When a lot of people think about their work goals, the first thing that usually comes to mind is making it out of the door as soon as possible on Friday afternoon. Many workers spend the work week dreaming about what they’ll do when they leave their place of employment. What they don’t consider is that if their career posed a worthwhile challenge, they might actually enjoy showing up.
Quick takeaways if you’re in a hurry:
- It’s important to challenge yourself in ways that’ll help you grow and develop your career the way that you personally want it to.
- A good challenge provides positive motivation and direction, and helps to reframe and mitigate the stress and boredom of the modern work environment.
- Often, professionals can best challenge themselves by developing their skills, educating themselves, or gaining influence in their business and their industry. At the end of the day, though, these goals could be nearly anything, and have to be defined by the individual.Is your work challenging enough?
Modern work can be a drag
The modern working world was created with the industrial revolution and the increased specialisation it brought with it, but it came at a cost. Modern workers typically have highly specialised jobs that are repetitive, boring, and time-consuming while often also being very difficult. As a result, workers are stressed, unproductive, and unhappy. Only 13% of workers worldwide report that they actually enjoy their work. Ouch.
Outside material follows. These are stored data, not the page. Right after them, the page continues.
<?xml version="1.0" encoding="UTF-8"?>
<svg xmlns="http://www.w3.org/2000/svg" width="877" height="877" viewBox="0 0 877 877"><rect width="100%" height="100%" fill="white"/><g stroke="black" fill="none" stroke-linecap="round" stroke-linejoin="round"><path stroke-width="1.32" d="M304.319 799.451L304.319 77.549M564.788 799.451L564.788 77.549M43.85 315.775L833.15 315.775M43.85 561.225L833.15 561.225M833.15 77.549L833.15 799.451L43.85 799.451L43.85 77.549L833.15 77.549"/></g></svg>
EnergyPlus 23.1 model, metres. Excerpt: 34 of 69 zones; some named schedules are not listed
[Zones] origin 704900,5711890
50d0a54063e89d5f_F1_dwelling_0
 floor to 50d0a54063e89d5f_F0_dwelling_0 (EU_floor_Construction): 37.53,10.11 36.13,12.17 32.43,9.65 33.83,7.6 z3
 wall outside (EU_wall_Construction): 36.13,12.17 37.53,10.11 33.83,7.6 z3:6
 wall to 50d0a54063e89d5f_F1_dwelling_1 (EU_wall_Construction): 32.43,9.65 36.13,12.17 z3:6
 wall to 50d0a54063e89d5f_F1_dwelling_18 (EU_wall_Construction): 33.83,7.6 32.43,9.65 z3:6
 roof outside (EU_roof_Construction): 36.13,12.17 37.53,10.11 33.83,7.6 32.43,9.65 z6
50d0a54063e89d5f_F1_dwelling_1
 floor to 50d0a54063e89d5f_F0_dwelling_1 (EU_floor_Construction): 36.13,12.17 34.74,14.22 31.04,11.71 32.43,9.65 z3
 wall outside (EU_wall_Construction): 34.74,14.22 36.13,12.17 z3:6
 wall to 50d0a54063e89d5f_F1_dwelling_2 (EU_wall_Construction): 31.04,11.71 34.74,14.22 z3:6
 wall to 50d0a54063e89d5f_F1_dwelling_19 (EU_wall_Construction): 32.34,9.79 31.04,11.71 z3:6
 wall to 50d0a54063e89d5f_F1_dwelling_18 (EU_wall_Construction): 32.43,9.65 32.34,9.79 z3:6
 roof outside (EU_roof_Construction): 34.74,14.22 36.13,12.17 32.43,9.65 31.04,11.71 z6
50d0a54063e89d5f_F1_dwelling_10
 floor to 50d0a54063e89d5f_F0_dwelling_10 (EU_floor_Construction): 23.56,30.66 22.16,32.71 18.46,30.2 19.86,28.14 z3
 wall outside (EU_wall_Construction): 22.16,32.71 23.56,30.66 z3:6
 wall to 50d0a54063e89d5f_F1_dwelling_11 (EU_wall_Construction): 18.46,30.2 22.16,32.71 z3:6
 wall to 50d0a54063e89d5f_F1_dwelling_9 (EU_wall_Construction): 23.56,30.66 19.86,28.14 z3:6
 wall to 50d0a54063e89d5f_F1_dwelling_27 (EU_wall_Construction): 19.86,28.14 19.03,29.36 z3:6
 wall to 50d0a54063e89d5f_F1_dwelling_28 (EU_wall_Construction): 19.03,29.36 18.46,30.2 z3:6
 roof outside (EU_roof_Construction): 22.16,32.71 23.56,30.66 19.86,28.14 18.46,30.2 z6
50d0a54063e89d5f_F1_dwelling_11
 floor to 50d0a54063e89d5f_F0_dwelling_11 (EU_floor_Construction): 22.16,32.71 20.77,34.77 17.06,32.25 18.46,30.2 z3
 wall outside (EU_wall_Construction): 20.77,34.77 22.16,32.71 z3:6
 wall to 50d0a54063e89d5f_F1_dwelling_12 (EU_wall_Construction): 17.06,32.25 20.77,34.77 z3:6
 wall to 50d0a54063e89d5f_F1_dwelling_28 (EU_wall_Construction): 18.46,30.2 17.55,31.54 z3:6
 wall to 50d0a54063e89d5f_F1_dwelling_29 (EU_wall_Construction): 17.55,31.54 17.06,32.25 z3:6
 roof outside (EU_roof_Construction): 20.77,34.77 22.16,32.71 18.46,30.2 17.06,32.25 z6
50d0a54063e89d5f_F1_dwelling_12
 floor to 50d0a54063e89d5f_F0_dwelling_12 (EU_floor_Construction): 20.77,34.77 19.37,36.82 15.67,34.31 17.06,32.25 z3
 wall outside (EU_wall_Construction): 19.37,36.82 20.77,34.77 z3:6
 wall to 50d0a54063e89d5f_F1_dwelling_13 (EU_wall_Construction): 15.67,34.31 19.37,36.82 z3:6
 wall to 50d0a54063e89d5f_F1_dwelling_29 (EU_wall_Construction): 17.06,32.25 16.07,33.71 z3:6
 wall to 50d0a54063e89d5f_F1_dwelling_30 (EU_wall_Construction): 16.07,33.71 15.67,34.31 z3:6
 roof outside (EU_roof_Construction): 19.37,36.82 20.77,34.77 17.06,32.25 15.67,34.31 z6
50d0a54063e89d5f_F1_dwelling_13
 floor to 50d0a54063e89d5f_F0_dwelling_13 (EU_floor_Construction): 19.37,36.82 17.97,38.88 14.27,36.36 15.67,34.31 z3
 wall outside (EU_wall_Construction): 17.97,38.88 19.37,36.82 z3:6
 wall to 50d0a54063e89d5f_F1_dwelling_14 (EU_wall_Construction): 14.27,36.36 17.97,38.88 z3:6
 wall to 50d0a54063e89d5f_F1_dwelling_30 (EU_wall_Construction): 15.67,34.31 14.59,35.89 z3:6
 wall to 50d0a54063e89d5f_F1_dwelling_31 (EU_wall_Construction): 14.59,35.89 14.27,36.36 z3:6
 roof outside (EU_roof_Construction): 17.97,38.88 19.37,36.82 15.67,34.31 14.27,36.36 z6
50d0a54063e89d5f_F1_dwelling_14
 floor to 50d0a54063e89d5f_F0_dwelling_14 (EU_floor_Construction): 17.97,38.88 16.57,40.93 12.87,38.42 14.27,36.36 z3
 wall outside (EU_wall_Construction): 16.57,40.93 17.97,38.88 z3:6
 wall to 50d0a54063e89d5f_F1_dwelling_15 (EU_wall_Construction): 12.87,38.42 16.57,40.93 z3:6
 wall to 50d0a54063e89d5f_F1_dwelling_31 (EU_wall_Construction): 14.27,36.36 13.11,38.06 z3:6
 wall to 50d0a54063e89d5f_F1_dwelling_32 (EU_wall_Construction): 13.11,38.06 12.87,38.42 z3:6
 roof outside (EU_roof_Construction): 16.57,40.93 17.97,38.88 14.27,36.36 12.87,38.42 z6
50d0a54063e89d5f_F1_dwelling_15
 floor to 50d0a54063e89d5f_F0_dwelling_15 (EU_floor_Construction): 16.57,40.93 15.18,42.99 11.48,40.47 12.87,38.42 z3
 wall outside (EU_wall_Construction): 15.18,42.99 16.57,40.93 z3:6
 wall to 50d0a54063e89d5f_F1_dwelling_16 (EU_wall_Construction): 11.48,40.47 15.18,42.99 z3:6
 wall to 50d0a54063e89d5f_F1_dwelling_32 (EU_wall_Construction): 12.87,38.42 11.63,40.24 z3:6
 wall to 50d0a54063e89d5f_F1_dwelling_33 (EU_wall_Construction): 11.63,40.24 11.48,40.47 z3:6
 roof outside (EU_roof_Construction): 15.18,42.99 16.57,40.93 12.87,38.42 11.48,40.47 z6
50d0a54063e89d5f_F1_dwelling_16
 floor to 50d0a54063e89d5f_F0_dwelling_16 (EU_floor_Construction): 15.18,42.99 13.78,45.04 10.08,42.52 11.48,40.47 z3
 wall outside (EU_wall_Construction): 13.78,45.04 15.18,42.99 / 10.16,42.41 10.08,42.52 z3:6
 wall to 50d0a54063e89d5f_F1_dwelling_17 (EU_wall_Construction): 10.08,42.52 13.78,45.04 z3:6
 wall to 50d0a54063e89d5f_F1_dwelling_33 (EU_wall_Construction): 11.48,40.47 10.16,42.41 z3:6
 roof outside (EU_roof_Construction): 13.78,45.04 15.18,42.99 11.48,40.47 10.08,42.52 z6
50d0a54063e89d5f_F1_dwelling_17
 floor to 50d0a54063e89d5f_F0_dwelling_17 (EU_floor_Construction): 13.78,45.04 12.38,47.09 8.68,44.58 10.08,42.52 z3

These issues have been known for some time, and businesses have tried to address them by providing benefits and leisure activities at work, ranging from free gym memberships, to snacks, to unlimited vacation days and more. While these help to reduce stress marginally, they don’t address the core issue, which is that modern work is often unfulfilling to workers; it’s very difficult to love what you do.
The issue is that our jobs today don’t feel like they really tie into our personal success and well-being, so they feel like a waste of time. The way to address that is to make work challenging again.
Challenge provides motivation and meaning
Challenging work is work that requires ingenuity and skill to achieve a goal that’s worth pursuing. Most of our jobs today require skill and ingenuity, which makes them difficult, but they tend to lack that the sense of achievement that comes with overcoming those difficulties.
That’s not because we generally don’t pursue our own goals at work. We might have performance indicators to hit, raises to earn, employee of the month awards to win, but those goals are defined by employers, not by workers themselves. Because of that, they only work for people who are interested in those things.
Defining and pursuing personal work-oriented challenges helps to make work a means to a meaningful end, and not just a place where we lose all of our precious daylight.
Making work challenging is about you
The fundamental problem with our approach to making work meaningful is that our goals are defined by our employers. Employers are focused on profits and on ensuring that their workforce is productive. The incentives they set for workers are oriented around both negative and positive reinforcement, and are focused on how well the worker is producing for their employer.
Because of that, the burden of making a job challenging is on workers themselves. Of course, some employers are more accommodating about this than others. Depending on the type of job you have, and what your personal life-goals are, there are a huge variety of ways to challenge yourself through your work.
For example, structured programs sometimes can offer what employers themselves don’t. Chartered Accountants challenge themselves by keeping up with annual professional development learning requirements to maintain their status. This keeps them on top of their game. It’s not just about accountants, of course. People in any field can use online hubs like Coursera and Udemy to educate themselves about their industry and to update and develop their skills further to help them advance at work, or to help qualify themselves for another job.
Beyond that, the sky’s the limit. You might decide to pursue a raise, a promotion, an award, a new job, industry-wide recognition, or anything else. The point isn’t the goal itself, it’s about taking control of your work life to get something that you want out of it.
The payoff
The result of challenging yourself at work is more than just the sense of achievement that you get if and when you succeed. Having a goal gives you a reason to show up, and reframes your everyday work stresses as obstacles that you’ll overcome to get somewhere, rather than oppressive nuisances that exist to torment you while you’re trying to reach Friday.
This altered focus will help you reduce the amount of stress you’re feeling, improve your productivity, and help you achieve your work and personal goals. So, what are you waiting for? Figure out how you can make your job work for you.